The Secretary also argues that Demenech's due process rights were not violated because he was afforded the opportunity to object to Dr. Goldberg's report by way of affidavit. The Secretary contends, therefore, that written objections or the submission of additional evidence was sufficient to ensure a full and fair hearing for Demenech. We do not agree. We hold, consistent with Cowart, that where the ALJ substantially relies upon a post-hearing medical report that directly contradicts the medical evidence that supports the claimant's contentions, cross-examination is of extraordinary utility. See Wallace v. Bowen, 869 F.2d 187, 192 (3rd Cir.1989). Cross-examination of Dr. Goldberg could reveal the sensitivity and credibility of the tests he employed to arrive at his conclusions; it could expose the evidence he considered or failed to consider, and it could establish the certainty with which he holds his opinion that Demenech is no longer disabled. Given the ALJ's level of reliance upon Dr.

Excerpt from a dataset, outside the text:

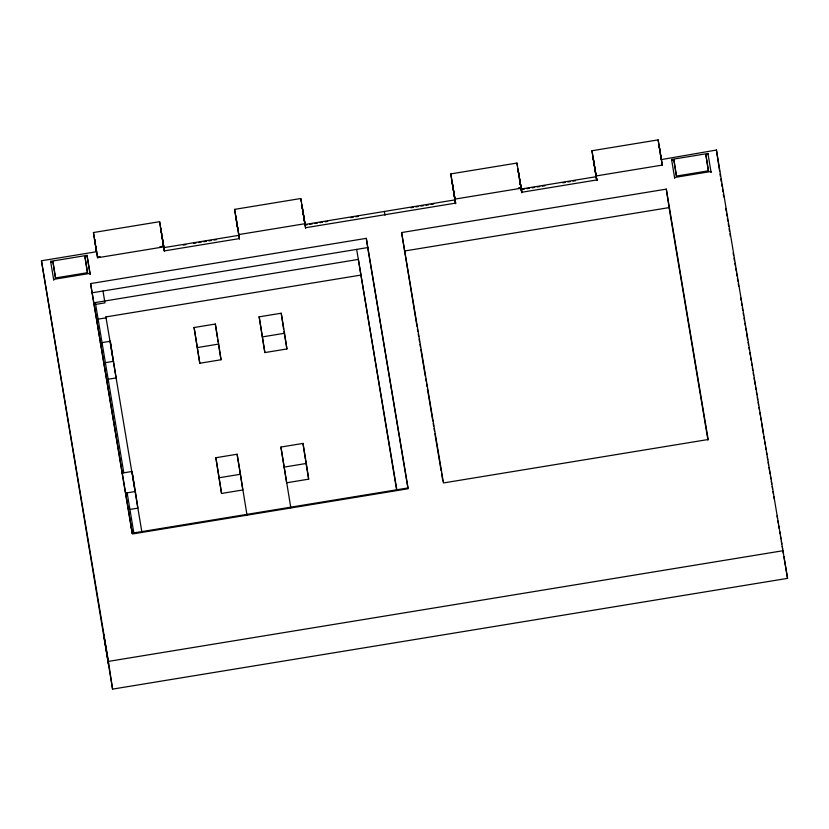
<?xml version="1.0" encoding="UTF-8"?>
<svg xmlns="http://www.w3.org/2000/svg" width="829" height="829" viewBox="0 0 829 829"><rect width="100%" height="100%" fill="white"/><g stroke="black" fill="none" stroke-linecap="round" stroke-linejoin="round"><path stroke-width="1.24" d="M161.624 233.737L159.614 221.685L93.439 232.534L95.449 245.115M159.614 221.685L161.624 234.255M303.227 212.908L300.782 198.514L234.607 209.374L236.617 221.954M300.782 198.514L301.217 201.52M518.975 175.106L516.954 163.054L450.779 173.903L453.214 189.333M516.954 163.054L517.389 166.059M518.83 173.986L521.265 189.406L519.255 176.836M660.143 151.945L658.133 139.883L591.958 150.743L593.968 163.323M593.833 161.686L596.258 177.105L594.248 165.044M658.133 139.883L659.283 147.469M661.366 159.593L716.432 150.028L787.55 578.362L112.568 689.117L41.45 260.772L96.599 251.726L95.739 246.327M87.138 256.285L84.941 256.648L87.615 272.668L55.626 277.922L52.952 261.891L50.745 262.254L50.61 261.332L87.004 255.363L90.154 274.316L87.004 255.363M707.945 153.479L708.08 154.401L705.883 154.764L708.557 170.795L676.568 176.038L673.894 160.018L671.687 160.37L671.552 159.448L707.945 153.479L711.095 172.432L710.961 171.51L674.568 177.479M97.48 256.99L100.019 256.575M159.831 246.762L163.655 246.13M518.446 187.924L520.995 187.499M96.009 248.493L97.604 257.736L163.779 246.876L161.914 235.467M303.082 212.307L304.948 223.716L238.773 234.576L238.918 235.737L236.472 221.343M660.423 153.676L662.288 165.085L596.134 175.945L596.424 177.738M238.483 233.363L238.783 235.353L163.779 247.653L164.443 251.415M305.611 228.255L304.958 224.493L454.955 199.882L453.349 189.375M453.08 187.696L454.945 199.105L521.12 188.245L521.804 192.255L596.807 179.945L596.144 176.712L521.151 189.022L520.83 187.043M183.302 245.073L185.851 244.659M193.52 243.394L196.079 242.98M198.628 242.555L201.188 242.141M203.737 241.716L206.297 241.301M208.846 240.887L211.405 240.462M213.965 240.047L216.514 239.622M304.668 225.156L307.227 224.742M309.777 224.317L312.336 223.903M314.885 223.488L317.445 223.063M320.004 222.649L322.554 222.224M325.113 221.809L327.662 221.384M350.667 217.612L353.216 217.198M355.776 216.773L358.325 216.359M410.707 207.758L413.267 207.343M415.816 206.929L418.376 206.504M420.925 206.089L423.484 205.665M426.044 205.25L428.593 204.825M431.153 204.411L433.702 203.986M521.856 189.53L524.415 189.105M526.964 188.691L529.524 188.266M532.083 187.851L534.632 187.427M537.192 187.012L539.741 186.587M542.301 186.173L544.86 185.748M562.746 182.815L565.295 182.401M567.855 181.976L570.404 181.561M572.963 181.136L575.513 180.722M53.626 279.363L90.019 273.383M90.589 283.58L366.314 238.348L408.179 488.737L132.443 533.969L90.589 283.58L125.459 493.131L135.386 491.504L132.039 471.473L122.112 473.1M401.609 232.555L666.309 189.126L708.173 439.515L443.474 482.944L401.609 232.555L416.977 326.398M91.967 292.824L367.703 247.581L366.314 238.348M404.376 251.032L669.076 207.602L666.309 189.126M93.646 302.834L358.346 259.404L396.645 490.198M95.242 304.471L104.951 302.875L103.003 291.01M97.48 319.248L106.06 317.839L105.915 316.916L360.688 275.114M100.34 342.895L110.267 341.268L116.101 377.931L107.521 379.34M194.09 327.517L215.333 324.035L218.69 344.066L221.032 359.765L199.789 363.257L194.09 327.517L199.789 363.257M259.166 316.844L281.218 313.227L284.565 333.258L286.917 348.957L264.855 352.574L259.166 316.844L264.855 352.574M103.687 362.936L113.614 361.299M197.437 347.548L218.69 344.066M262.513 336.875L284.565 333.258M215.861 457.722L237.104 454.23L240.451 474.261L242.804 489.97L221.55 493.452L215.861 457.722L221.55 493.452M280.927 447.049L302.989 443.422L306.336 463.452L308.678 479.162L286.627 482.779L280.927 447.049L290.813 507.814M219.208 477.753L240.451 474.261M284.274 467.079L306.336 463.452M129.293 509.545L137.873 508.136L135.386 491.504M125.666 494.385L132.153 533.192L407.878 487.96L367.703 247.581M112.568 689.117L108.423 661.397L783.405 550.653M661.366 159.655L660.423 154.194M591.958 150.743L593.968 162.805M450.779 173.903L453.225 188.297M234.607 209.374L236.628 221.436M93.439 232.534L95.449 244.596M596.424 178.339L596.797 180.484L596.113 176.339M455.608 203.644L454.955 199.882M385.029 215.229L384.366 211.457M239.436 239.115L238.783 235.353M454.655 197.893L453.08 188.214M596.269 176.971L596.818 180.225M521.265 189.271L521.814 192.535M720.795 179.023L721.22 181.572M721.644 184.121L722.069 186.67M722.494 189.23L722.919 191.779M723.344 194.328L723.779 196.877M725.696 208.369L726.121 210.918M726.546 213.467L726.971 216.017M727.406 218.576L727.831 221.125M728.256 223.675L728.681 226.224M729.105 228.783L729.53 231.332M729.966 233.882L730.39 236.431M733.157 253.021L733.582 255.57M734.017 258.12L734.442 260.679M734.867 263.228L735.292 265.777M735.717 268.327L736.142 270.886M736.577 273.435L737.002 275.984M737.427 278.534L737.851 281.093M738.276 283.642L738.701 286.192M740.629 297.673L741.053 300.222M741.478 302.782L741.903 305.331M742.328 307.88L742.763 310.429M743.188 312.989L743.613 315.538M744.038 318.087L744.463 320.636M744.888 323.196L745.323 325.745M745.748 328.294L746.173 330.844M746.597 333.403L747.665 339.776M748.09 342.336L748.514 344.885M748.939 347.434L749.375 349.983M749.799 352.543L750.224 355.092M750.649 357.641L751.074 360.19M751.499 362.739L751.934 365.299M752.359 367.848L752.784 370.397M753.209 372.946L753.634 375.506M754.058 378.055L755.126 384.438M755.561 386.988L755.986 389.537M756.411 392.086L756.836 394.645M757.26 397.195L757.685 399.744M758.12 402.293L758.545 404.853M758.97 407.402L759.395 409.951M759.82 412.5L760.245 415.06M760.68 417.609L761.105 420.158M761.53 422.707L763.447 434.189M763.872 436.748L764.297 439.297M764.732 441.847L765.157 444.396M765.581 446.955L766.006 449.505M766.431 452.054L766.856 454.603M767.291 457.162L767.716 459.712M768.141 462.261L768.566 464.81M768.991 467.369L770.058 473.742M770.483 476.292L770.918 478.851M771.343 481.4L771.768 483.949M772.193 486.499L772.618 489.058M773.042 491.607L773.478 494.157M773.903 496.706L774.327 499.265M777.094 515.845L777.529 518.405M777.954 520.954L778.379 523.503M778.804 526.052L779.229 528.612M779.654 531.161L780.089 533.71M780.514 536.259L780.939 538.819M781.364 541.368L781.788 543.917M782.213 546.466L782.649 549.016M783.073 551.575L783.498 554.124M783.923 556.673L787.55 578.362M671.552 159.448L674.702 178.401M659.874 150.298L659.21 146.474L659.863 150.774M662.288 165.085L660.703 155.355M669.076 207.602L707.945 440.106M593.699 161.158L593.036 157.334L593.688 161.634M594.528 166.702L595.191 170.515L594.248 164.525M596.807 179.945L595.118 169.935L596.144 176.712M518.695 173.458L518.032 169.644L518.695 173.945M519.524 179.002L520.923 186.971M520.436 184.691L518.819 175.023M520.819 186.929L520.115 182.235L521.804 192.255M453.349 189.862L455.618 203.115L305.621 227.726L303.352 213.986M417.401 328.958L417.826 331.517M418.251 334.066L418.686 336.626M419.111 339.175L419.536 341.735M419.961 344.284L420.386 346.843M420.821 349.392L425.298 376.221M425.733 378.78L426.158 381.33M426.583 383.889L427.008 386.449M427.443 388.998L432.779 420.935M433.204 423.495L433.629 426.044M434.054 428.603L434.489 431.153M434.914 433.712L441.111 470.758M441.536 473.318L442.81 480.975M356.667 249.394L396.853 489.763M303.352 214.473L304.958 224.493M283.984 331.434L286.917 348.957M305.538 460.385L308.678 479.162M236.348 219.789L235.685 215.965L236.348 220.265M217.685 339.735L218.1 342.242M218.524 344.75L221.032 359.765M246.98 515.006L237.104 454.23M161.354 232.089L160.691 228.276L161.344 232.576M162.183 237.146L164.443 250.886L239.446 238.576L236.907 223.156M95.18 242.949L94.516 239.125L95.169 243.425M105.915 316.916L141.914 532.249M95.335 302.564L123.801 472.82M127.148 492.861L133.842 532.923M50.61 261.332L53.761 280.285M41.45 260.772L108.423 661.397M660.931 157.51L659.998 151.862M521.12 188.649L521.804 192.784L520.115 182.235M452.8 185.965L451.857 180.494L452.789 186.484M302.803 210.576L301.86 205.105L302.523 209.405M303.082 212.825L305.093 224.877L304.948 223.716M236.907 223.675L237.84 229.146L237.177 224.846M161.904 235.985L164.453 251.28M95.729 246.845L96.423 251.26M660.008 150.826L660.568 154.277M593.823 162.712L594.393 166.173M302.647 210.493L303.217 213.944M236.483 220.317L237.053 223.768M161.489 232.617L162.049 236.068M161.479 233.654L163.489 245.674L162.774 240.866M95.314 243.477L97.604 257.736M95.304 244.514L95.874 247.964M659.449 148.484L660.143 152.463M518.964 175.624L517.783 168.598M302.792 211.094L301.611 204.058M453.94 193.095L455.618 203.509M716.432 150.028L719.634 171.448M720.007 173.966L720.391 176.484M705.883 154.764L708.267 170.774M673.894 160.018L676.288 176.028M302.989 443.422L305.331 459.131M281.218 313.227L283.57 328.926M215.333 324.035L217.322 337.32M132.039 471.473L134.381 487.183M110.267 341.268L112.62 356.978M130.775 523.959L132.153 533.192M84.941 256.648L87.356 272.855M52.952 261.891L55.377 278.109M107.407 656.734L103.718 634.693L108.506 664.122L107.407 656.734"/></g></svg>

Goldberg's report, and the fact that it contradicted all the other medical evidence in the case, the ALJ should have permitted Demenech to cross-examine Dr. Goldberg, and his failure to do so constituted an abuse of discretion.

14

Accordingly, we VACATE the district court's judgment and REMAND with instructions that the case be returned to the Secretary for further proceedings consistent with this opinion.

1

Demenech did object to some of Dr. Goldberg's observations by way of affidavit. However, he was denied the opportunity to depose and cross-examine Dr. Goldberg

2

Before disability benefits can be terminated, there must be a determination that medical improvement has occurred and that the improvement is related to the claimant's ability to do his prior work. 20 C.F.R. Sec. 404.1594(a) (1988)

3

5 U.S.C. Sec. 556(a) states that cross-examination of a witness "may be required for a full and true disclosure of the facts."